Improved Chromosomal Gene Targeting in Bacteria

Period of Performance: 05/10/1997 - 03/31/1998


Phase 1 SBIR

Recipient Firm

Five Prime-three Prime, Inc.
Boulder, CO 80303
Principal Investigator


Directed repair or replacement of chromosomal gene sequences with cloned wild type or mutant DNA, also known as gene targeting, remains a technically challenging task. Although methods have been described for gene targeting in bacteria, most require specialized skills or material and often are time-consuming and laborious in practice. Linear DNA molecules possessing chi (khi) sites (5'-GCTGGTGG-3') participate in gene targeting replacement reactions through homologous recombination with the bacterial chromosome at much higher frequencies than DNAs lacking them. This project's goal is to develop a novel set of cloning vectors for gene targeting and gene knockout in E. coli and related enteric bacteria. Cloning vectors with multiple khi sites will be constructed and functionally tested for stimulation of gene targeting in vivo. Parameters to be evaluated address both the nature of the targeting DNA molecule and any influence that differ chromosomal target sites may have.

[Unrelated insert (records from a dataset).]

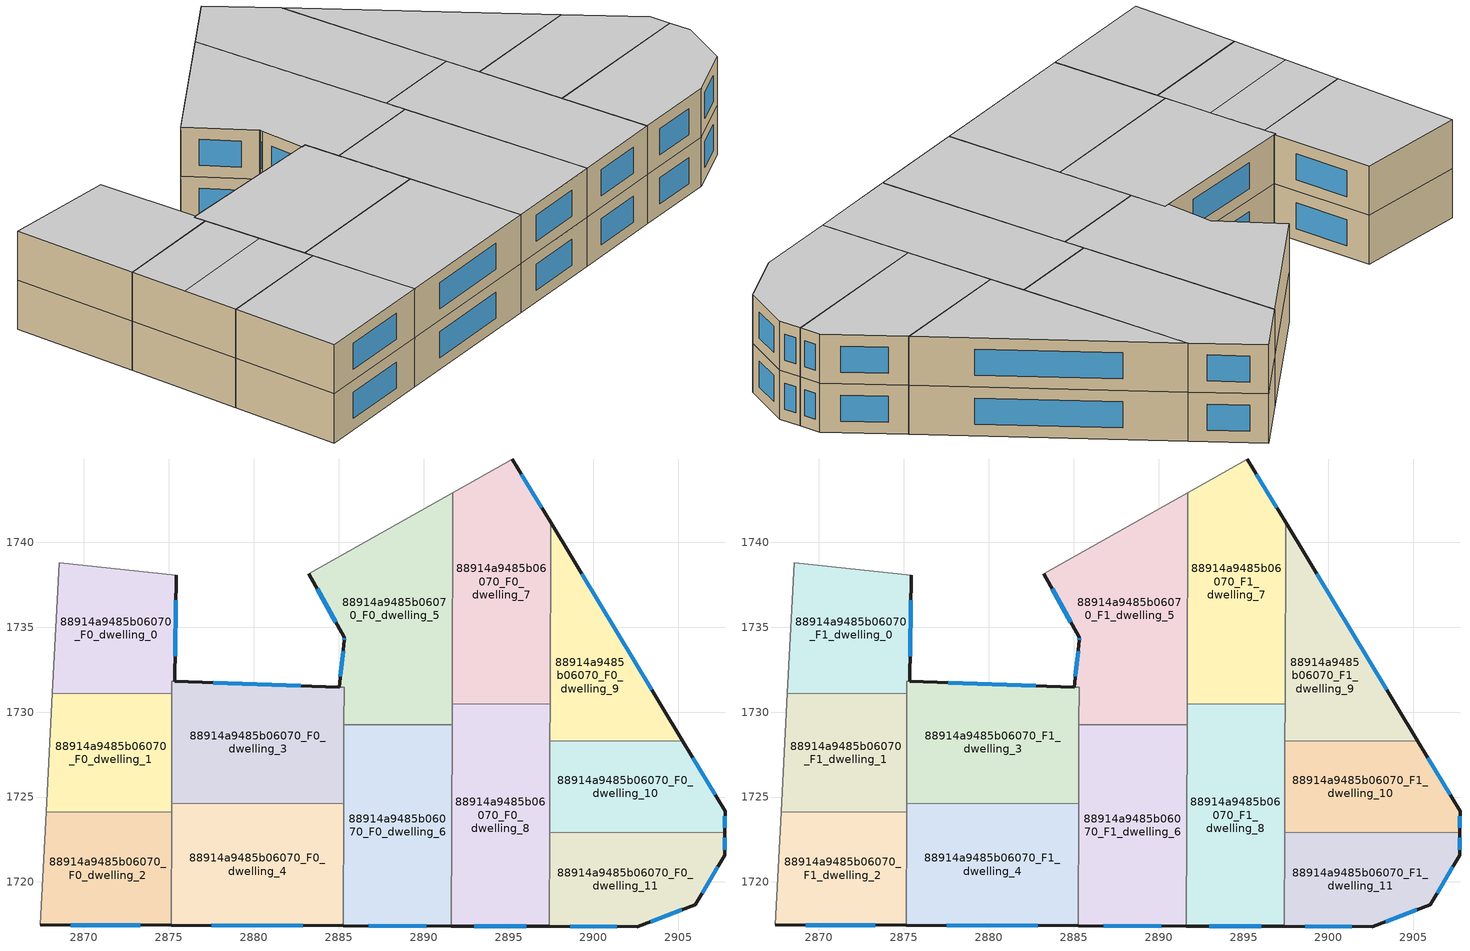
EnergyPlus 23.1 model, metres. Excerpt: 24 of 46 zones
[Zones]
88914a9485b06070_F0_dwelling_0
 floor ground (EU_floor_Construction): 2875.45,1738.05 2875.35,1731.82 2875.18,1731.82 2875.18,1731.08 2868.15,1731.1 2868.56,1738.79 z0
 wall outside (EU_wall_Construction): 2875.35,1731.82 2875.45,1738.05 z0:3
 wall adiabatic (EU_wall_Construction): 2875.45,1738.05 2868.56,1738.79 2868.15,1731.1 z0:3
 wall to 88914a9485b06070_F0_dwelling_1 (EU_wall_Construction): 2868.15,1731.1 2875.18,1731.08 z0:3
 wall to 88914a9485b06070_F0_dwelling_3 (EU_wall_Construction): 2875.18,1731.08 2875.18,1731.82 2875.35,1731.82 z0:3
 window (EU_Window_Construction): 2875.37,1733.28 2875.42,1736.59 z0.7:2.3
88914a9485b06070_F0_dwelling_1
 floor ground (EU_floor_Construction): 2875.18,1731.08 2875.16,1724.1 2867.78,1724.12 2868.15,1731.1 z0
 wall to 88914a9485b06070_F0_dwelling_2 (EU_wall_Construction): 2867.78,1724.12 2875.16,1724.1 z0:3
 wall adiabatic (EU_wall_Construction): 2868.15,1731.1 2867.78,1724.12 z0:3
 wall to 88914a9485b06070_F0_dwelling_4 (EU_wall_Construction): 2875.16,1724.1 2875.16,1724.63 z0:3
 wall to 88914a9485b06070_F0_dwelling_3 (EU_wall_Construction): 2875.16,1724.63 2875.18,1731.08 z0:3
88914a9485b06070_F0_dwelling_10
 floor ground (EU_floor_Construction): 2905.26,1728.28 2907.75,1724.16 2907.74,1722.91 2897.42,1722.93 2897.44,1728.31 z0
 wall outside (EU_wall_Construction): 2907.74,1722.91 2907.75,1724.16 2905.26,1728.28 z0:3
 wall to 88914a9485b06070_F0_dwelling_11 (EU_wall_Construction): 2897.42,1722.93 2907.74,1722.91 z0:3
 wall to 88914a9485b06070_F0_dwelling_9 (EU_wall_Construction): 2905.26,1728.28 2897.44,1728.31 z0:3
 wall to 88914a9485b06070_F0_dwelling_8 (EU_wall_Construction): 2897.44,1728.31 2897.42,1722.93 z0:3
 window (EU_Window_Construction): 2907.74,1723.2 2907.74,1723.86 / 2907.16,1725.13 2905.84,1727.32 z0.7:2.3
88914a9485b06070_F0_dwelling_11
 floor ground (EU_floor_Construction): 2907.74,1722.91 2907.73,1721.58 2906,1718.65 2902.58,1717.37 2897.41,1717.38 2897.42,1722.93 z0
 wall outside (EU_wall_Construction): 2897.41,1717.38 2902.58,1717.37 2906,1718.65 2907.73,1721.58 2907.74,1722.91 z0:3
 wall to 88914a9485b06070_F0_dwelling_8 (EU_wall_Construction): 2897.42,1722.93 2897.41,1717.38 z0:3
 window (EU_Window_Construction): 2907.74,1721.89 2907.74,1722.59 / 2906.41,1719.34 2907.33,1720.89 / 2903.38,1717.67 2905.2,1718.35 / 2898.62,1717.38 2901.37,1717.37 z0.7:2.3
88914a9485b06070_F0_dwelling_2
 floor ground (EU_floor_Construction): 2875.16,1724.1 2875.14,1717.45 2867.42,1717.47 2867.78,1724.12 z0
 wall outside (EU_wall_Construction): 2867.42,1717.47 2875.14,1717.45 z0:3
 wall adiabatic (EU_wall_Construction): 2867.78,1724.12 2867.42,1717.47 z0:3
 wall to 88914a9485b06070_F0_dwelling_4 (EU_wall_Construction): 2875.14,1717.45 2875.16,1724.1 z0:3
 window (EU_Window_Construction): 2869.23,1717.46 2873.33,1717.45 z0.7:2.3
88914a9485b06070_F0_dwelling_3
 floor ground (EU_floor_Construction): 2885.32,1731.46 2885.3,1724.61 2875.16,1724.63 2875.18,1731.82 2875.35,1731.82 z0
 wall outside (EU_wall_Construction): 2885.03,1731.47 2875.36,1731.82 z0:3
 wall to 88914a9485b06070_F0_dwelling_5 (EU_wall_Construction): 2885.32,1731.46 2885.03,1731.47 / 2885.31,1729.27 2885.32,1731.45 z0:3
 wall to 88914a9485b06070_F0_dwelling_6 (EU_wall_Construction): 2885.3,1724.61 2885.31,1729.27 z0:3
 wall to 88914a9485b06070_F0_dwelling_4 (EU_wall_Construction): 2875.16,1724.63 2885.3,1724.61 z0:3
 window (EU_Window_Construction): 2882.76,1731.55 2877.63,1731.73 z0.7:2.3
88914a9485b06070_F0_dwelling_4
 floor ground (EU_floor_Construction): 2885.3,1724.61 2885.28,1717.42 2875.14,1717.45 2875.16,1724.63 z0
 wall outside (EU_wall_Construction): 2875.14,1717.45 2885.28,1717.42 z0:3
 wall to 88914a9485b06070_F0_dwelling_6 (EU_wall_Construction): 2885.28,1717.42 2885.3,1724.6 z0:3
 window (EU_Window_Construction): 2877.52,1717.44 2882.9,1717.42 z0.7:2.3
88914a9485b06070_F0_dwelling_5
 floor ground (EU_floor_Construction): 2891.71,1742.9 2891.67,1729.25 2885.31,1729.27 2885.32,1731.46 2885.03,1731.47 2885.33,1734.24 2885.34,1734.37 2885.33,1734.4 2883.25,1738.14 z0
 wall outside (EU_wall_Construction): 2883.25,1738.14 2885.33,1734.4 2885.34,1734.37 2885.33,1734.24 2885.03,1731.47 z0:3
 wall adiabatic (EU_wall_Construction): 2891.71,1742.9 2883.25,1738.14 z0:3
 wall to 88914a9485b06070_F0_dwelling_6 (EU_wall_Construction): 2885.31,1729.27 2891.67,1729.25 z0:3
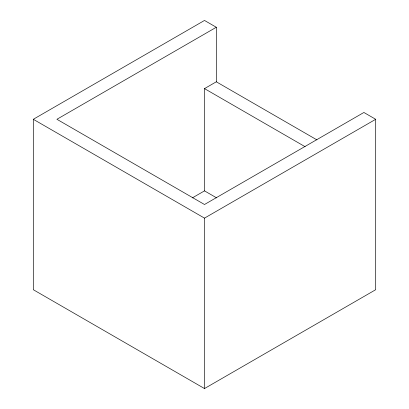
<?xml version="1.0" encoding="UTF-8"?>
<svg xmlns="http://www.w3.org/2000/svg" width="409" height="409" viewBox="0 0 409 409"><rect width="100%" height="100%" fill="white"/><g stroke="black" fill="none" stroke-linecap="round" stroke-linejoin="round"><path stroke-width="0.61" d="M216.305 27.265L56.912 119.29L204.5 204.5L363.892 112.475L375.697 119.29L375.697 289.71L204.5 388.55L33.303 289.71L33.303 119.29L204.5 20.45L216.305 27.265L216.305 81.8L316.909 139.883M192.337 197.89L204.5 190.87L204.5 88.615L216.305 81.8M33.303 119.29L204.5 218.13L375.697 119.29M204.5 88.615L305.104 146.698M204.5 190.87L216.663 197.89M204.5 218.13L204.5 388.55"/></g></svg>
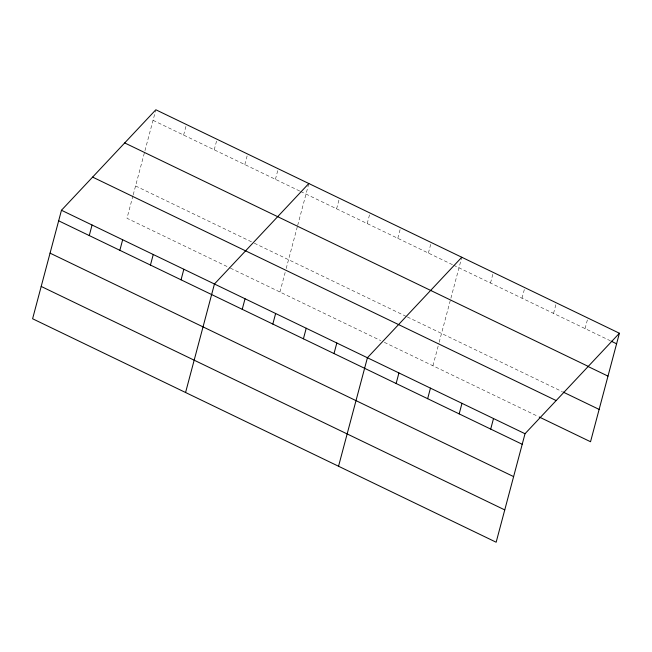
<?xml version="1.0" encoding="UTF-8"?>
<svg xmlns="http://www.w3.org/2000/svg" width="652" height="652" viewBox="0 0 652 652"><rect width="100%" height="100%" fill="white"/><g stroke="black" fill="none" stroke-linecap="round" stroke-linejoin="round"><path stroke-width="0.49" stroke-dasharray="3.26 2.44" d="M132.967 195.747L126.977 218.273L229.561 267.727M133.228 194.769L144.434 152.649M144.956 150.694L155.592 110.734M183.628 135.078L186.439 124.524M214.223 149.821L217.035 139.267M244.818 164.573L247.63 154.019M275.413 179.324L278.225 168.77M279.944 292.014L285.16 272.43M286.204 268.51L297.41 226.391M297.671 225.413L308.82 183.514M336.603 208.819L339.415 198.265M367.198 223.563L370.01 213.008M397.793 238.314L400.605 227.76M428.388 253.066L431.2 242.511M432.92 365.756L438.918 343.229M439.179 342.251L450.385 300.132M450.907 298.176L461.534 258.216M490.508 283.009L493.311 272.454M522.024 298.2L524.836 287.646M553.548 313.4L556.36 302.846M585.072 328.592L587.876 318.037M153.041 120.327L299.708 191.036M300.613 191.468L452.684 264.777M453.58 265.209L610.288 340.752M135.575 185.95L253.457 242.78M254.353 243.212L406.424 316.522M407.329 316.953L562.203 391.616M230.458 268.159L380.727 340.597M384.33 342.333L538.291 416.555"/><path stroke-width="0.98" d="M61.467 210.262L32.6 318.763L496.156 542.228L525.023 433.727L619.4 333.237L155.844 109.772L61.467 210.262L525.023 433.727M89.259 235.568L92.062 225.013M119.854 250.319L122.657 239.765M150.449 265.062L153.253 254.508M181.044 279.814L183.848 269.26M185.575 392.504L214.443 284.003L308.82 183.514M242.226 309.309L245.038 298.755M272.821 324.06L275.633 313.506M303.416 338.804L306.228 328.249M334.011 353.555L336.823 343.001M338.543 466.253L367.418 357.752L461.795 257.255M396.131 383.498L398.934 372.944M427.655 398.69L430.459 388.136M459.171 413.89L461.983 403.335M490.695 429.081L493.507 418.527M619.4 333.237L590.533 441.738L539.196 416.987M611.185 341.183L616.588 343.791M124.703 142.935L588.259 366.4M588.177 366.563L607.99 376.114M563.108 392.048L599.131 409.415M92.617 177.1L556.172 400.564M58.664 220.816L522.219 444.281M50.057 253.139L513.613 476.604M41.198 286.44L504.754 509.905"/></g></svg>

A kit then will be developed enabling scientists to quickly and easily carry out gene targeting reactions, and should find widespread utility, for example, in mutating virulence genes from pathogenic bacteria. Longer term goals will be to apply this strategy to directed gene replacements in more distantly-related bacteria and eukaryotic systems. PROPOSED COMMERCIAL APPLICATION The potential commercial applications from this research are widespread, ranging from basic research through commercial uses including construction of stable bacterial strains for enzyme and pharmaceutical production to development of safer vaccines through the knockout of virulence genes. Moreover, it would be of high efficiency, the first kit of its kind, and could very well become the standard for bacterial gene targeting applications.